Which lines come from the start of the listing through the line holding "import ezdxf"? Restate exactly those, both included, minus the pictures.

────────────────────

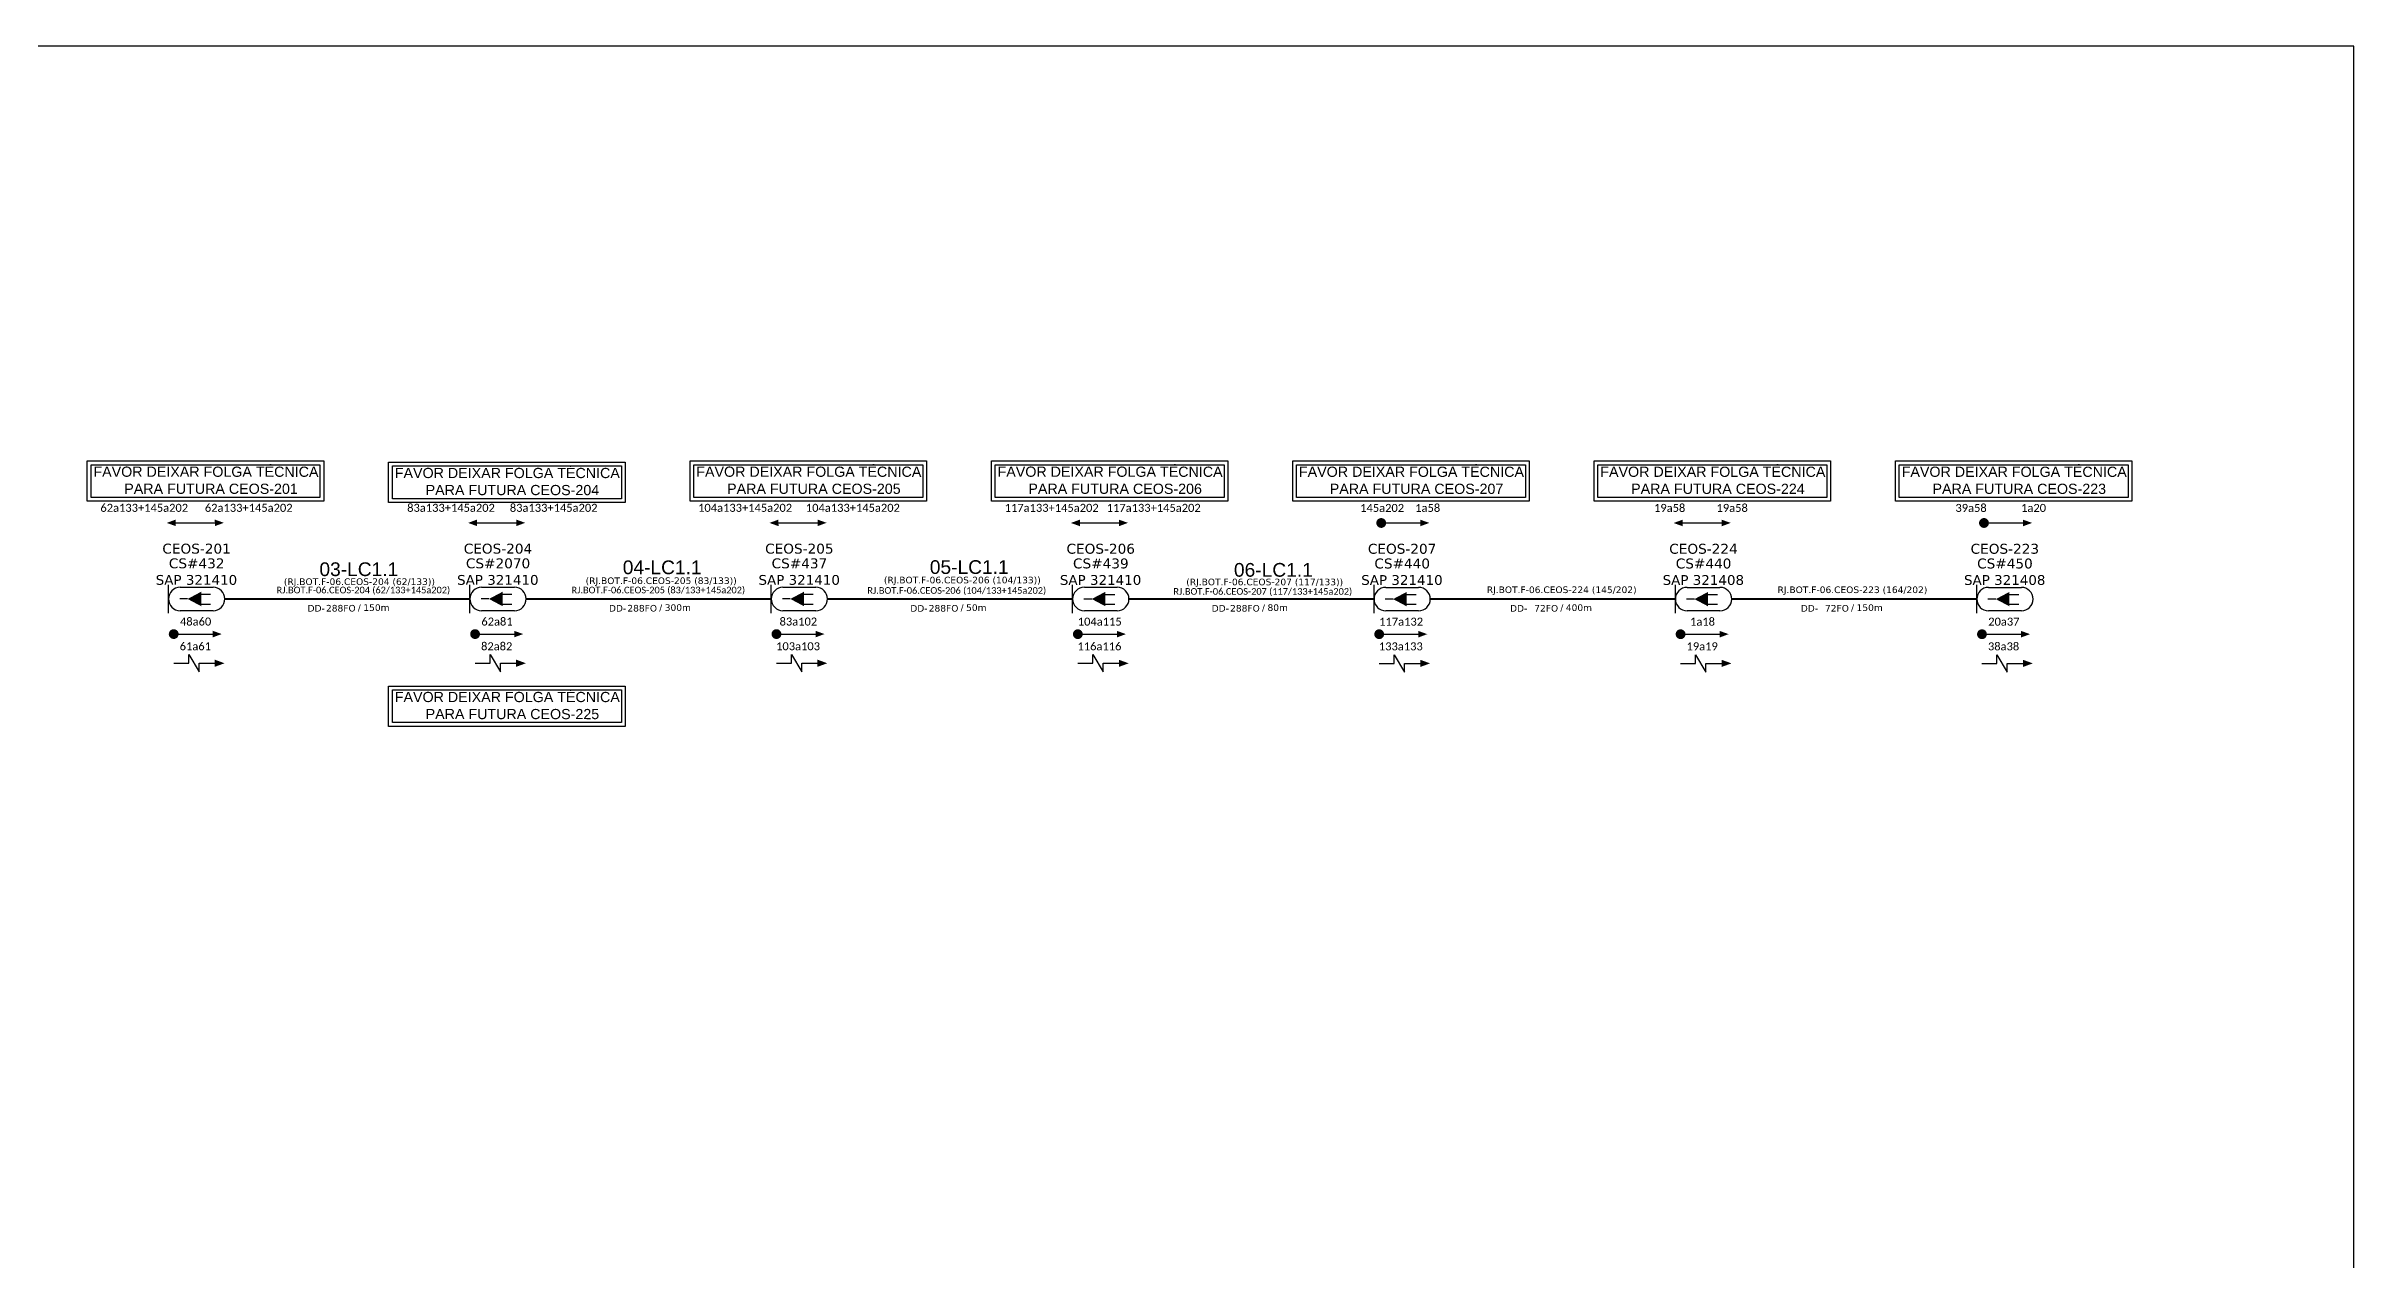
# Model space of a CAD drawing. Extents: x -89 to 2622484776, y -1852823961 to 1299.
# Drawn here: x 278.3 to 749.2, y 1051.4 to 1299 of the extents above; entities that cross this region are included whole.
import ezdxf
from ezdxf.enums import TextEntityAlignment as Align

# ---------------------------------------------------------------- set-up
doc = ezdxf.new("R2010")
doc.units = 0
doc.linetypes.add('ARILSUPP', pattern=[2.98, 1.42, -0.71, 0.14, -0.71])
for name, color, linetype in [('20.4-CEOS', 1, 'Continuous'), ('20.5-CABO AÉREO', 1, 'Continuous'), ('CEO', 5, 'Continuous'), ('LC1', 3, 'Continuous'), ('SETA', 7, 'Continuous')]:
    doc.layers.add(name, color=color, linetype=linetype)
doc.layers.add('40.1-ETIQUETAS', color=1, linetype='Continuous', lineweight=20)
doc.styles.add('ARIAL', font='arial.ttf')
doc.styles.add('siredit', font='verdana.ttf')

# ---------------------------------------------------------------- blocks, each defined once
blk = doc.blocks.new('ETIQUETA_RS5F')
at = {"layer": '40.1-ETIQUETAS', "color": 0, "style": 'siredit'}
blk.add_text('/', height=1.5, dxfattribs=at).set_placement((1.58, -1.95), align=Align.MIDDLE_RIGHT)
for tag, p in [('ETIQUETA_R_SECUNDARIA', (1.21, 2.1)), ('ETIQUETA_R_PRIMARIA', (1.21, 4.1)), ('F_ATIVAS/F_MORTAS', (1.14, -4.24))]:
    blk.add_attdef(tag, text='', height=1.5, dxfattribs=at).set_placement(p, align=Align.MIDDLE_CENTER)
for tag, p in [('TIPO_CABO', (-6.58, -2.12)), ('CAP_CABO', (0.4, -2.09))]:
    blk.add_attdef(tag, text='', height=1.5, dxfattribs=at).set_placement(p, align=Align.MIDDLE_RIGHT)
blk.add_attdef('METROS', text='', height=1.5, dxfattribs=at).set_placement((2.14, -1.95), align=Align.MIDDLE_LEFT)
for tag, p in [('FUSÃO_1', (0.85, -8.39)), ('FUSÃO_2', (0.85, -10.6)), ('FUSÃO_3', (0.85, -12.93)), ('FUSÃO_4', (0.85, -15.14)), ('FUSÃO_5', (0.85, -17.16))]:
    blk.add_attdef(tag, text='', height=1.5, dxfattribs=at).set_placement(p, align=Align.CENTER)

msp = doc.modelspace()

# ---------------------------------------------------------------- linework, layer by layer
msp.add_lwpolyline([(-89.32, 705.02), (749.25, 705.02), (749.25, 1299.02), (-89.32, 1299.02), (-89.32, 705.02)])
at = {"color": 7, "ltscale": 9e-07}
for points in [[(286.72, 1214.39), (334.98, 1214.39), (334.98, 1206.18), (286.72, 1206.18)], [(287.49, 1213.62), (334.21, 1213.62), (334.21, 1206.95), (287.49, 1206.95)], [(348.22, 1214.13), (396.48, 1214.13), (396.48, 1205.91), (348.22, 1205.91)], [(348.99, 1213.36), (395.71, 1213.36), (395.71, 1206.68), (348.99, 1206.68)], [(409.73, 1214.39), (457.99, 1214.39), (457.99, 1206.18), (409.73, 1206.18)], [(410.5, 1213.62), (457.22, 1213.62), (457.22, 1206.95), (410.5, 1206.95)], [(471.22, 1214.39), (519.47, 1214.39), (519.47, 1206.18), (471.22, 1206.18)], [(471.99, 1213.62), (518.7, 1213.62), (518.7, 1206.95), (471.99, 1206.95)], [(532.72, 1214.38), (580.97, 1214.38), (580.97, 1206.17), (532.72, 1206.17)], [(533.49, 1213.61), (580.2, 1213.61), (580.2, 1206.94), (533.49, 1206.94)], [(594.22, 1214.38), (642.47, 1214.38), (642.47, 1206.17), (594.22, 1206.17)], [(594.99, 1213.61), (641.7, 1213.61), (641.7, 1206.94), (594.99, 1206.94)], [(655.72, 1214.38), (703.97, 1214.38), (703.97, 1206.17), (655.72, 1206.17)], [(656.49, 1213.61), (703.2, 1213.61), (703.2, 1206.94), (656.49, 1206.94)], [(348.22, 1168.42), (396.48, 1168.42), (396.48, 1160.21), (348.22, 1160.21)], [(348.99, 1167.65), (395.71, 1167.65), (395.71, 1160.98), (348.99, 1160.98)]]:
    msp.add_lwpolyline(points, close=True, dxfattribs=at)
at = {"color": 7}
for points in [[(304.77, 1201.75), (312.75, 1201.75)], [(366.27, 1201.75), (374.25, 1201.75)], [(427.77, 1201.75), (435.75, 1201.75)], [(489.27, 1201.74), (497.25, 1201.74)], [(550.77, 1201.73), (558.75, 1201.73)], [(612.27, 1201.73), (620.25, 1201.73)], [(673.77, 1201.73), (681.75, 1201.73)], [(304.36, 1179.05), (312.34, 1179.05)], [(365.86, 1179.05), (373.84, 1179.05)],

────────────────────

Written solution:
# Model space of a CAD drawing. Extents: x -89 to 2622484776, y -1852823961 to 1299.
# Drawn here: x 278.3 to 749.2, y 1051.4 to 1299 of the extents above; entities that cross this region are included whole.
import ezdxf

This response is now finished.